The aftermath of an elk-vehicle collision on Highway 191. PHOTO BY HOLLY PIPPEL

“That’s one of the more dangerous parts of our job. There are not great sight lines, and we can have bad road conditions that make it difficult for people to stop,” Haydon said.

The scene of an accident is a treacherous place for drivers and passengers involved in the accident, traffic moving through the area, as well as the first responders on the scene—usually the highway patrol or sheriff.

Once parked, first responders assess the safety of drivers and passengers involved in the crash, and a tow truck is called for damaged vehicles to clear the road and reduce hazards for other drivers. After human safety is accounted for, there’s animal suffering to consider. Any animals with non-survivable injuries still at the scene are shot by law enforcement to put an end the animal’s suffering.

“A lot of times it’s the sheriff’s office that arrives on scene first. We’ll take care of that so that we can try to do it quickly and humanely. But if Highway Patrol arrives first, or Fish, Wildlife and Parks, or a game warden arrives on scene, they’ll do the same thing,” Haydon said.

It’s an unfortunate reality of the job, but thanks to a 2013 law, harvesting roadkill in Montana is legal with a permit.

“Most animals killed by a collision end up getting harvested. At least the meat doesn’t fully go to waste in the same way it had to before we had that roadkill harvest law,” Haydon said.

A person with a salvage tag claims an elk killed after it was struck by a vehicle. PHOTO BY HOLLY PIPPEL

Though scavenging may be a silver lining, no one wants to see traffic accidents or wildlife fatalities continue along the Gallatin Canyon corridor. Photographer Holly Pippel has spent seven years watching the Gallatin Gateway elk from her viewfinder. In mid-October, Pippel observed elk collisions rapidly increasing and appealed to the Montana Department of Transportation for better signage.

Bozeman resident Avery Berg is an avid hunter and occasional scavenger of meat and hide from road killed animals. She says elk can be difficult to obtain because of the quick responses of other scavengers with the know-how to harvest an animal.

Scavenging, Berg says, “is all about honoring the animal after its life. It’s a remarkable way to reflect on modern transport and how devastating it can be. You may not be hunting it or tracking its movements … but you are still able to think of all the things that were required for this animal to thrive in this area.”

Efforts from Pippel with Gallatin County Commissioner Zach Brown expedited the MDT to bring variable-messaging signage to areas with the highest rates of collisions with elk. Since then, Pippel says she’s observed relatively fewer elk deaths in the area between Wilson Creek and Williams Road. Pippel credits the signs as well as fewer elk concentrating at the immediate mouth of the canyon.

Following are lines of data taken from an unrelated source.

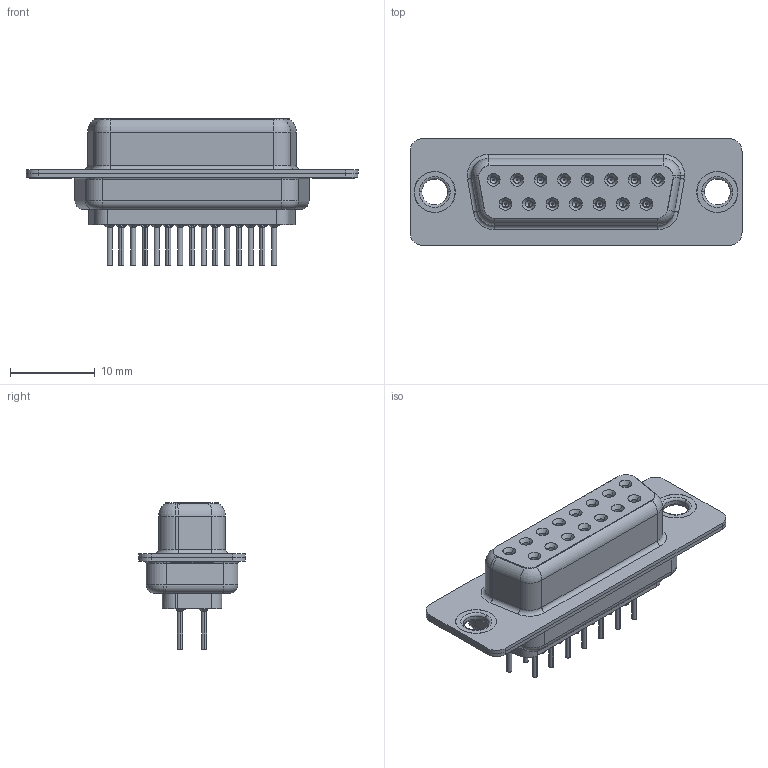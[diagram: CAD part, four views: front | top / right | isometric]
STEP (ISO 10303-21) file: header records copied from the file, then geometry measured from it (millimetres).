
FILE_DESCRIPTION (( 'STEP AP203' ), '1' );
FILE_NAME ('628-015-220-061.STEP', '2020-07-13T23:17:59', ( '' ), ( '' ), 'SwSTEP 2.0', 'SolidWorks 2020', '' );
FILE_SCHEMA (( 'CONFIG_CONTROL_DESIGN' ));
Length unit declared in the file: millimetre
Products named in the file (7): 628 Contact Row 2_20L; 628 Housing_15 LP; 628 Shell Front_15 Contacts; 628-015-220-061; 628 Contact Row 1_20L; 628 Thru Hole Rivet; 628 Shell Rear_15 Contacts
Assembly tree (20 placements, depth 2):
  628-015-220-061
    628 Housing_15 LP
    628 Shell Front_15 Contacts
    628 Shell Rear_15 Contacts
    628 Contact Row 1_20L  x8
    628 Contact Row 2_20L  x7
    628 Thru Hole Rivet  x2
Bounding box: 39.15 x 12.6 x 17.3 mm (x, y, z)
Volume: 2465.1 mm3; surface area: 6180.7 mm2
Topology: 20 solids, 20 shells, 2158 faces, 5463 edges, 3386 vertices
Faces by surface type: cylinder 616, plane 532, torus 455, bspline 300, cone 255
Entity records: 22207 total; most frequent: CARTESIAN_POINT 5775, DIRECTION 3357, ORIENTED_EDGE 3130, EDGE_CURVE 1565, AXIS2_PLACEMENT_3D 1400, VERTEX_POINT 979, CIRCLE 765, EDGE_LOOP 750
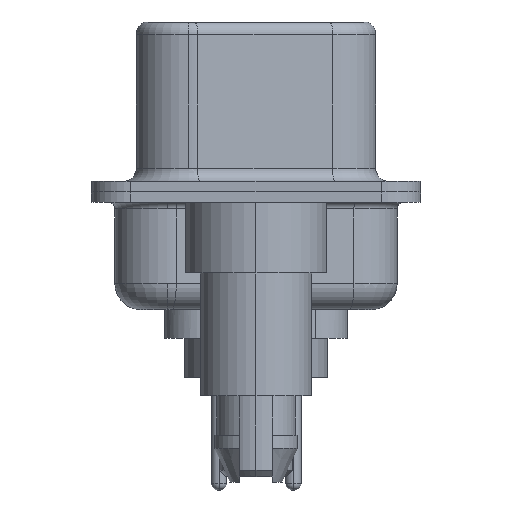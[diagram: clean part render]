
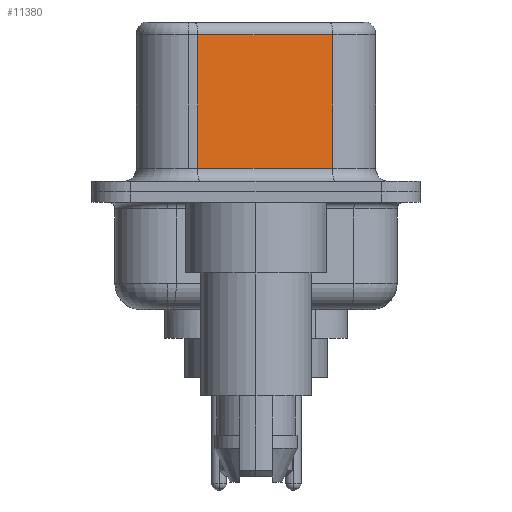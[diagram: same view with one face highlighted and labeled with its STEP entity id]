
A CAD part, left-side view. The second image highlights one B-rep face of the part: STEP entity #11380.
In plain terms, the highlighted planar face has unit normal (-0.985, -0.174, 0).
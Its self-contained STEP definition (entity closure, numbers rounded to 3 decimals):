
#653 = FACE_OUTER_BOUND ( 'NONE', #4853, .T. ) ;
#703 = ORIENTED_EDGE ( 'NONE', *, *, #11960, .F. ) ;
#987 = VERTEX_POINT ( 'NONE', #1462 ) ;
#1462 = CARTESIAN_POINT ( 'NONE',  ( 3.675, 2.233, 6.02 ) ) ;
#2268 = LINE ( 'NONE', #11349, #9133 ) ;
#2679 = CARTESIAN_POINT ( 'NONE',  ( 4.585, -2.927, 6.52 ) ) ;
#3135 = VERTEX_POINT ( 'NONE', #16133 ) ;
#3230 = CARTESIAN_POINT ( 'NONE',  ( 4.585, -2.927, 6.02 ) ) ;
#4048 = VECTOR ( 'NONE', #11538, 1000. ) ;
#4853 = EDGE_LOOP ( 'NONE', ( #703, #11715, #16386, #11493 ) ) ;
#5168 = CARTESIAN_POINT ( 'NONE',  ( 4.585, -2.927, 6.52 ) ) ;
#5251 = AXIS2_PLACEMENT_3D ( 'NONE', #5168, #15037, #6569 ) ;
#6569 = DIRECTION ( 'NONE',  ( -0.174, 0.985, 0. ) ) ;
#6669 = LINE ( 'NONE', #2679, #17863 ) ;
#7225 = VERTEX_POINT ( 'NONE', #16713 ) ;
#7661 = VERTEX_POINT ( 'NONE', #11603 ) ;
#7921 = CARTESIAN_POINT ( 'NONE',  ( 4.585, -2.927, 0.9 ) ) ;
#8864 = EDGE_CURVE ( 'NONE', #987, #7661, #2268, .T. ) ;
#9133 = VECTOR ( 'NONE', #9930, 1000. ) ;
#9331 = DIRECTION ( 'NONE',  ( 0.174, -0.985, 0. ) ) ;
#9930 = DIRECTION ( 'NONE',  ( 0., 0., -1. ) ) ;
#10386 = VECTOR ( 'NONE', #9331, 1000. ) ;
#10540 = EDGE_CURVE ( 'NONE', #7661, #3135, #14211, .T. ) ;
#11138 = EDGE_CURVE ( 'NONE', #7225, #987, #11894, .T. ) ;
#11349 = CARTESIAN_POINT ( 'NONE',  ( 3.675, 2.233, 6.52 ) ) ;
#11380 = ADVANCED_FACE ( 'NONE', ( #653 ), #13590, .F. ) ;
#11493 = ORIENTED_EDGE ( 'NONE', *, *, #10540, .T. ) ;
#11538 = DIRECTION ( 'NONE',  ( -0.174, 0.985, 0. ) ) ;
#11603 = CARTESIAN_POINT ( 'NONE',  ( 3.675, 2.233, 0.9 ) ) ;
#11715 = ORIENTED_EDGE ( 'NONE', *, *, #11138, .T. ) ;
#11894 = LINE ( 'NONE', #3230, #4048 ) ;
#11960 = EDGE_CURVE ( 'NONE', #7225, #3135, #6669, .T. ) ;
#13590 = PLANE ( 'NONE',  #5251 ) ;
#14211 = LINE ( 'NONE', #7921, #10386 ) ;
#15037 = DIRECTION ( 'NONE',  ( 0.985, 0.174, 0. ) ) ;
#15302 = DIRECTION ( 'NONE',  ( 0., 0., -1. ) ) ;
#16133 = CARTESIAN_POINT ( 'NONE',  ( 4.585, -2.927, 0.9 ) ) ;
#16386 = ORIENTED_EDGE ( 'NONE', *, *, #8864, .T. ) ;
#16713 = CARTESIAN_POINT ( 'NONE',  ( 4.585, -2.927, 6.02 ) ) ;
#17863 = VECTOR ( 'NONE', #15302, 1000. ) ;

Signage might be a start, but there’s a long way to go before bigger improvements are implemented, according to experts on all sides of the elk-vehicle collision issue. Conservation easements, a wildlife crossing overpass, and reduced speed limits have been proposed as potential improvements to human-wildlife interactions in the Gallatin Valley.

In the meantime? Elk advocates like Pippel say to drive carefully and pay attention, especially when animals are present by the roadway.